» WORK INSTRUCTION
Copying exactly, give the lines in the material below from the one with "#18=AXIS2_PLACEMENT_3D('',#15,#16,#17);" to the one with "#28=CIRCLE('',#27,10.);", ends included, and nothing besides.

(PROVIDED DATA begins)

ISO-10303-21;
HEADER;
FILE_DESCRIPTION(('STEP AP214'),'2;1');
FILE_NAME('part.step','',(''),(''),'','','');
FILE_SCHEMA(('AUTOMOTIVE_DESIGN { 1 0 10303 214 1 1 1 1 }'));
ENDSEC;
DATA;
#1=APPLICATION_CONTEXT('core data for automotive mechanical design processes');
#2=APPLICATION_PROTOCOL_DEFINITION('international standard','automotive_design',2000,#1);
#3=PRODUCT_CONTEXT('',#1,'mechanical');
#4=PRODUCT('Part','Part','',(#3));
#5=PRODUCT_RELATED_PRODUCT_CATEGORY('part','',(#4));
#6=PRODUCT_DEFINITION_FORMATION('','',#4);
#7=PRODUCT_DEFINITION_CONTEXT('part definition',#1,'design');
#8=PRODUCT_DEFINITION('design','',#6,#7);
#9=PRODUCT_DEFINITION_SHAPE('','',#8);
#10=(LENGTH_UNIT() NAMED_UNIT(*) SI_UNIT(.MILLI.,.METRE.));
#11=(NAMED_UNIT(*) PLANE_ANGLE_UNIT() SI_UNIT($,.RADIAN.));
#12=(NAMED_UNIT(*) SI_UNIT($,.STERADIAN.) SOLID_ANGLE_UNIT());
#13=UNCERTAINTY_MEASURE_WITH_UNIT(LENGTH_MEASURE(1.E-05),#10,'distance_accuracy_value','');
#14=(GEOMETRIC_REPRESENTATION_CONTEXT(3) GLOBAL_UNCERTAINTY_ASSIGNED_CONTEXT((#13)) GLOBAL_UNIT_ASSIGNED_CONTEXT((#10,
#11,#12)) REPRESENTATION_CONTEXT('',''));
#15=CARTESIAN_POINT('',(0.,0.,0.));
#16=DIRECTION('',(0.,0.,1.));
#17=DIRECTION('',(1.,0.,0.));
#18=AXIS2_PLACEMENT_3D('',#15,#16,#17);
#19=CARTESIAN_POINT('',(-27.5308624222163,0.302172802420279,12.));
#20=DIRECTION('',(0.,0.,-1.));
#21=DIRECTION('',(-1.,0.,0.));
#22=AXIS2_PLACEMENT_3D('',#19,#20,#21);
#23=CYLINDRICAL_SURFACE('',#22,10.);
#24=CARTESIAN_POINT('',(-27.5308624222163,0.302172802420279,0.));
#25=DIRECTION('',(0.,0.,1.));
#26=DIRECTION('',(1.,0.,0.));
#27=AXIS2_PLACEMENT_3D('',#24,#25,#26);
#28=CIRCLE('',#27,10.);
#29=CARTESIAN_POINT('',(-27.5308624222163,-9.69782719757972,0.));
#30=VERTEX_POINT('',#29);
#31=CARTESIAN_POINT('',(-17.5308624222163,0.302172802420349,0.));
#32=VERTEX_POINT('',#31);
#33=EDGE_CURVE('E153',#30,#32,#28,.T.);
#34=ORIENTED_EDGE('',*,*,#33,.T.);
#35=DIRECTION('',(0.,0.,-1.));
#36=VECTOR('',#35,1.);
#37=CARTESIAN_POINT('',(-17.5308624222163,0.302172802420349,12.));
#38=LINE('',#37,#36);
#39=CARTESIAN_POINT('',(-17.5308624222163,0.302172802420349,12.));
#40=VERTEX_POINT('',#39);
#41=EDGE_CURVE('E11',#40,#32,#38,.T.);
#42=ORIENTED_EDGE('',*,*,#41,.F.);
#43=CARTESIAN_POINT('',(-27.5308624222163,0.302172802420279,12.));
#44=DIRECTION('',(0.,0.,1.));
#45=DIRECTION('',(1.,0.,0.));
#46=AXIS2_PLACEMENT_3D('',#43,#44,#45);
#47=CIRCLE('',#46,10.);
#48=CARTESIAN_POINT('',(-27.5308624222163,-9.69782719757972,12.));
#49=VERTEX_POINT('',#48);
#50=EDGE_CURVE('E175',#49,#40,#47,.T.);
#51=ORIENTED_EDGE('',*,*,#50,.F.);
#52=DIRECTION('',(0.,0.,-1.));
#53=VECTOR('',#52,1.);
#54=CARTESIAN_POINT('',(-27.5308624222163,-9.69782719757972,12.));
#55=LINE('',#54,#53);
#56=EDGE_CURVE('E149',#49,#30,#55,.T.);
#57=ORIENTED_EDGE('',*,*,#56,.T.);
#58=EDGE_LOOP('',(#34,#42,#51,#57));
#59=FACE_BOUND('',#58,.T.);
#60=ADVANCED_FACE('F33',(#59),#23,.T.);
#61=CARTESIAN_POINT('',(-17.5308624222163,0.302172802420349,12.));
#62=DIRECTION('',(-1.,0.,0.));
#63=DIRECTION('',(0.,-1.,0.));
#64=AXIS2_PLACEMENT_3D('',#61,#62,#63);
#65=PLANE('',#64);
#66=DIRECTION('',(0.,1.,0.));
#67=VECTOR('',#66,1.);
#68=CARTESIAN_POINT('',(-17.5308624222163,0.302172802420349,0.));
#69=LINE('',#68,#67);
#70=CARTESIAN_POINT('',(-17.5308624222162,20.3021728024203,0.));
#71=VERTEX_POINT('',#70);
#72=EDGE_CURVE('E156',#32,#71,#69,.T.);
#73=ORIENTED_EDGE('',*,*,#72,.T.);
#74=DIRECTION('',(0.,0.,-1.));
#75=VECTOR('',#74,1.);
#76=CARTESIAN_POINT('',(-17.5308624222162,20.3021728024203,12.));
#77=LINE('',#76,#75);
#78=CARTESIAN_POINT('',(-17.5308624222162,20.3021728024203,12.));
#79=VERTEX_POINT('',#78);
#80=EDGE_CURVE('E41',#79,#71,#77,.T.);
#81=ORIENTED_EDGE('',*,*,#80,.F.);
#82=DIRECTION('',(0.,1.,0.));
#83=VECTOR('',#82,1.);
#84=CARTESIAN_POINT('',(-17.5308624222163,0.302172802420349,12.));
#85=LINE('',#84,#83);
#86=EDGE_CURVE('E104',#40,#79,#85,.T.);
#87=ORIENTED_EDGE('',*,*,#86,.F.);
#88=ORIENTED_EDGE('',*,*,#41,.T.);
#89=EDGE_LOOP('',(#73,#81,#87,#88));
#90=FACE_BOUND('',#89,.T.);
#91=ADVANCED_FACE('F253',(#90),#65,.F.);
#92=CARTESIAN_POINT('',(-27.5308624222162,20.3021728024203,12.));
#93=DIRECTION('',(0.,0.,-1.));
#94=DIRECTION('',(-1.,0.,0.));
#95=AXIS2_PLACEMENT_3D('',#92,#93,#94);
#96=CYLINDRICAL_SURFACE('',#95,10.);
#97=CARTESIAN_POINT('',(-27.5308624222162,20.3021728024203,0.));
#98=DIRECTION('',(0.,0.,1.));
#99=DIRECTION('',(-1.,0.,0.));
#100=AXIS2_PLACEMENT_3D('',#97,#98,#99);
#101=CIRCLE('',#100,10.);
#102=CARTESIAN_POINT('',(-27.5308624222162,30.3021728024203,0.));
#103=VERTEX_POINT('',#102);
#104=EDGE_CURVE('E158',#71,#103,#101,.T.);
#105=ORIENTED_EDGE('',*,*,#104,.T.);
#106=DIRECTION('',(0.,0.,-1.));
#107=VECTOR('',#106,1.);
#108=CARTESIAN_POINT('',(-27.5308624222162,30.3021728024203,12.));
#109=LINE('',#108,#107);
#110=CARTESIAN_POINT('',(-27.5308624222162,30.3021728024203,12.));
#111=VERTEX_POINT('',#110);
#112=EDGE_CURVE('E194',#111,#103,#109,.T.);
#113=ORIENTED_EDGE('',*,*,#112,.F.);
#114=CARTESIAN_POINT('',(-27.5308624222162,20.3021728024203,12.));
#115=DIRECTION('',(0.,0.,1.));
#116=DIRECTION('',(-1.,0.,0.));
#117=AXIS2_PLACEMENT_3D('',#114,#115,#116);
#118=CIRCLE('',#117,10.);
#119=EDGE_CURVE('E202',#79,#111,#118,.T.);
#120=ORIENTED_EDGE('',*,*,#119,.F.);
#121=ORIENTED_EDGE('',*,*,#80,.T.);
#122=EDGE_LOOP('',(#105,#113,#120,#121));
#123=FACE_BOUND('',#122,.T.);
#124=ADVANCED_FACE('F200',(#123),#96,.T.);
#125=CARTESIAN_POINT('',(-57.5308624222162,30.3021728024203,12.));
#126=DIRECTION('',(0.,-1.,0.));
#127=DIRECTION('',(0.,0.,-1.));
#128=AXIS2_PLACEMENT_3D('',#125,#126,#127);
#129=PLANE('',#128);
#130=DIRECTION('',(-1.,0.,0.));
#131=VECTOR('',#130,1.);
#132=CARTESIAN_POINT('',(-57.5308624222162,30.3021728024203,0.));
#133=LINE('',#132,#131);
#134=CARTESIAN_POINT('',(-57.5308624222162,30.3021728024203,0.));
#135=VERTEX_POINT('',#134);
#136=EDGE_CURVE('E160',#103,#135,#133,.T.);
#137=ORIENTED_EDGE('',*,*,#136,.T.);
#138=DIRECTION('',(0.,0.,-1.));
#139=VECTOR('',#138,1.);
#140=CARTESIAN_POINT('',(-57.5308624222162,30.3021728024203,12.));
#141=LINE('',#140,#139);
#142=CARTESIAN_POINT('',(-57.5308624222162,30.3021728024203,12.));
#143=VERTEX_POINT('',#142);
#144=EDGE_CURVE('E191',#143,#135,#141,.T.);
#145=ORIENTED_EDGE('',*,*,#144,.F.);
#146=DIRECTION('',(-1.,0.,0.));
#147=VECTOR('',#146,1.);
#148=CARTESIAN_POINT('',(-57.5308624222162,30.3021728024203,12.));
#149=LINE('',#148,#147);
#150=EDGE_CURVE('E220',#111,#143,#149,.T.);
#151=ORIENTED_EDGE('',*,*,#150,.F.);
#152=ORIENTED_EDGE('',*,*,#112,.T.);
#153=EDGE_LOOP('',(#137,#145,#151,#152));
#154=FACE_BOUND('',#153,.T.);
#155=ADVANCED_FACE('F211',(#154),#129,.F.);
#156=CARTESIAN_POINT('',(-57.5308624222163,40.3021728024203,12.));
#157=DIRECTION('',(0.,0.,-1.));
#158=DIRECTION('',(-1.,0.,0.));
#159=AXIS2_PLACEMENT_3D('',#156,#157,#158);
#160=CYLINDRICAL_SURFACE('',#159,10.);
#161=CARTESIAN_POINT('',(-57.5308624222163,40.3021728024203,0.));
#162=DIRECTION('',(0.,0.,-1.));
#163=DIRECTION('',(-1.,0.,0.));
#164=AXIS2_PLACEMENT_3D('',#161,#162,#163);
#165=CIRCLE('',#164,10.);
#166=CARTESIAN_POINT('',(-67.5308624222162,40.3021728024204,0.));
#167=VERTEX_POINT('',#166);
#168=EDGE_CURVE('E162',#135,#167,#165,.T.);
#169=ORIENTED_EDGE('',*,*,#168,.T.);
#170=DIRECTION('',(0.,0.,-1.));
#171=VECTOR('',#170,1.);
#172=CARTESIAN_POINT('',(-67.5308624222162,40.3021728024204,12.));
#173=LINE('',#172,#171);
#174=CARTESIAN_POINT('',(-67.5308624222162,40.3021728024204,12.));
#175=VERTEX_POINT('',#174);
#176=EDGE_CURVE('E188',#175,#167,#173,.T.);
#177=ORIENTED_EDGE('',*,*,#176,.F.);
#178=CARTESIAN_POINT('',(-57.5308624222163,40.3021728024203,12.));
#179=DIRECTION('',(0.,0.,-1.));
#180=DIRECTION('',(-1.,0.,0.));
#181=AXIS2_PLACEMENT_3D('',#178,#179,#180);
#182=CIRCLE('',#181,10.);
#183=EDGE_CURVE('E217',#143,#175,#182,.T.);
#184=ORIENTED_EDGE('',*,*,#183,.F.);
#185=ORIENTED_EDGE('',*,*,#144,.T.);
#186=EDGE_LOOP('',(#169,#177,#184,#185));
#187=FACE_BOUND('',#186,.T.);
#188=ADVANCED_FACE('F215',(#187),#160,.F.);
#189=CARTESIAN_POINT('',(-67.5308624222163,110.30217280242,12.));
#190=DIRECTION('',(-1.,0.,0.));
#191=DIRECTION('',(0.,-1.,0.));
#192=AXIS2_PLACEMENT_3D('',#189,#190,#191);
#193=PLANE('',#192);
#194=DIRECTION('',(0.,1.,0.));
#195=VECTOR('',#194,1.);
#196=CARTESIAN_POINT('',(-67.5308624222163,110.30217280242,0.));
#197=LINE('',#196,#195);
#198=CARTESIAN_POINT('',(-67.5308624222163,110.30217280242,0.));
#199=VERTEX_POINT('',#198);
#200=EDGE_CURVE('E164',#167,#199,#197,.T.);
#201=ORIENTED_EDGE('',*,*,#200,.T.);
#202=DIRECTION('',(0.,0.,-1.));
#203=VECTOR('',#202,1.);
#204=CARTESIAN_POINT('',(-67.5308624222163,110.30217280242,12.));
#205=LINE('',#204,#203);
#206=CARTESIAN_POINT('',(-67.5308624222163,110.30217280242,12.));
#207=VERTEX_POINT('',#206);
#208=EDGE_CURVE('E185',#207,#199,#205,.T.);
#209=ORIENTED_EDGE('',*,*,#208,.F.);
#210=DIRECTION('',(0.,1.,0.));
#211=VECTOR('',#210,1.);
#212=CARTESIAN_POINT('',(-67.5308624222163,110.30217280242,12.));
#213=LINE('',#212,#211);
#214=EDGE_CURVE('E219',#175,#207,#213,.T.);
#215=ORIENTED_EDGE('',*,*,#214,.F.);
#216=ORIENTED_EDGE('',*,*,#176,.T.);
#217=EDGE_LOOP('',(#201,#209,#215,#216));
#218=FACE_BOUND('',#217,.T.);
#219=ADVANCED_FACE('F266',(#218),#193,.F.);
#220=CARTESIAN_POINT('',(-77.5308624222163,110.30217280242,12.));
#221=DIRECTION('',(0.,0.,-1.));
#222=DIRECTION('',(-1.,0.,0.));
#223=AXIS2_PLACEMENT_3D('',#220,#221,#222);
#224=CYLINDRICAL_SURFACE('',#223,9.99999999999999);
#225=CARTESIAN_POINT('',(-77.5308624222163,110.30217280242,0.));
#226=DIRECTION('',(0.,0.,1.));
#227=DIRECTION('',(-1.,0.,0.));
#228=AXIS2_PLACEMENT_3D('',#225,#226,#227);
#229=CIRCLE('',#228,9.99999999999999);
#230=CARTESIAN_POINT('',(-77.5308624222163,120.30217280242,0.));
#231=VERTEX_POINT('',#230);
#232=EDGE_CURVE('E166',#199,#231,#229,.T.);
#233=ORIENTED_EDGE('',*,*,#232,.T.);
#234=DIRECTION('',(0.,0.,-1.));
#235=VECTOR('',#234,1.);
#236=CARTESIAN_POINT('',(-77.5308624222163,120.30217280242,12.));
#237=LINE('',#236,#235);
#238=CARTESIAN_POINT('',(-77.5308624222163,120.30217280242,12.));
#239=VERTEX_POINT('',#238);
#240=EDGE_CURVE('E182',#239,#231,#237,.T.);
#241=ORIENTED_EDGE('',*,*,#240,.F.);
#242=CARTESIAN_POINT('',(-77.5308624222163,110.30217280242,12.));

(PROVIDED DATA ends)

» YOUR RESPONSE
#18=AXIS2_PLACEMENT_3D('',#15,#16,#17);
#19=CARTESIAN_POINT('',(-27.5308624222163,0.302172802420279,12.));
#20=DIRECTION('',(0.,0.,-1.));
#21=DIRECTION('',(-1.,0.,0.));
#22=AXIS2_PLACEMENT_3D('',#19,#20,#21);
#23=CYLINDRICAL_SURFACE('',#22,10.);
#24=CARTESIAN_POINT('',(-27.5308624222163,0.302172802420279,0.));
#25=DIRECTION('',(0.,0.,1.));
#26=DIRECTION('',(1.,0.,0.));
#27=AXIS2_PLACEMENT_3D('',#24,#25,#26);
#28=CIRCLE('',#27,10.);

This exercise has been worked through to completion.